One of the fun things with Spark is to see what's going on under the hood.  It has its own web interface.  If you're running Spark on your local machine like me, you can visit [localhost:4040](http://localhost:4040) and see the interface for yourself.  Click on the most recently-completed job, view the event timeline, open the DAG visualization, and click further into each stage to see how Spark handled it all.  What you'll see there is why Spark is one of my favorite hammers these days - it'll handle all that complex job tasking for you, and all you have to do is issue a few declarative (in the case of SQL, or functional in a lot of other cases) commands.  Spark will spread those jobs over all the hardware it has available, and pull all the results back together for you too.

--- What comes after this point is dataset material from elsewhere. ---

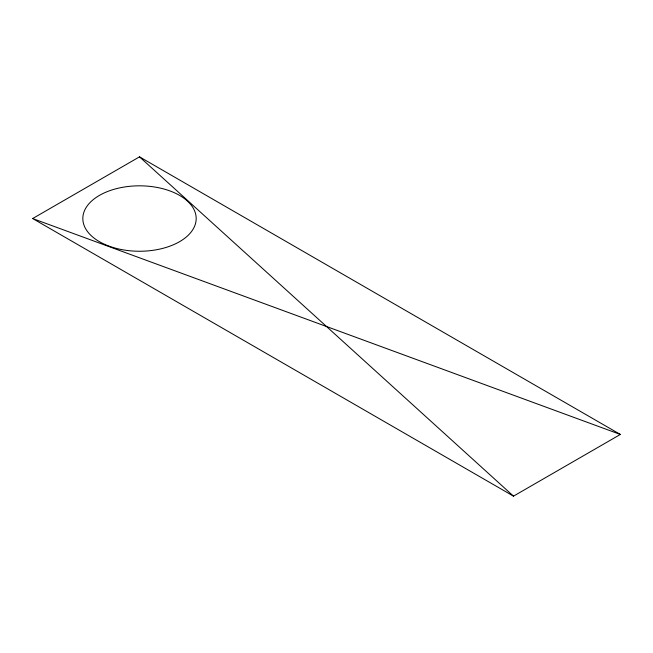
<?xml version="1.0" encoding="UTF-8"?>
<svg xmlns="http://www.w3.org/2000/svg" width="653" height="653" viewBox="0 0 653 653"><rect width="100%" height="100%" fill="white"/><g stroke="black" fill="none" stroke-linecap="round" stroke-linejoin="round"><path stroke-width="0.98" d="M32.65 218.543L139.505 156.851L620.35 434.457L513.495 496.149L32.65 218.543L620.35 434.457M139.505 156.851L513.495 496.149M107.745 245.634A56.672 32.715 0 0 0 196.031 220.877A56.672 32.715 0 0 0 114.74 189.109A56.672 32.715 0 0 0 107.745 245.634"/></g></svg>

Looking at that last job, on my very old laptop (a late 2011 MacBook Air) it took about 20 seconds to process that last query.  If you compare it to what you can get from a good database like MySQL, PostgreSQL, Oracle, or SQL Server, that's terrible.  Really, it's awful.  But think about what you didn't have to do:  define a schema, convert the JSON data, write a custom importer, define and build indexes.  For some quick processing of 90,000 records, the time savings in avoiding those steps can make it worthwhile to go the Spark route.  And if you follow a similar process but on a better machine with more RAM, more CPUs, and faster RAM and CPU than what I have, you get a lot more speed on larger jobs just by having better hardware.  Of course you can also take advantage of similar benefits from good RDBMS systems, but the balance of your time investment will vary.

In any case, it's good to have multiple options.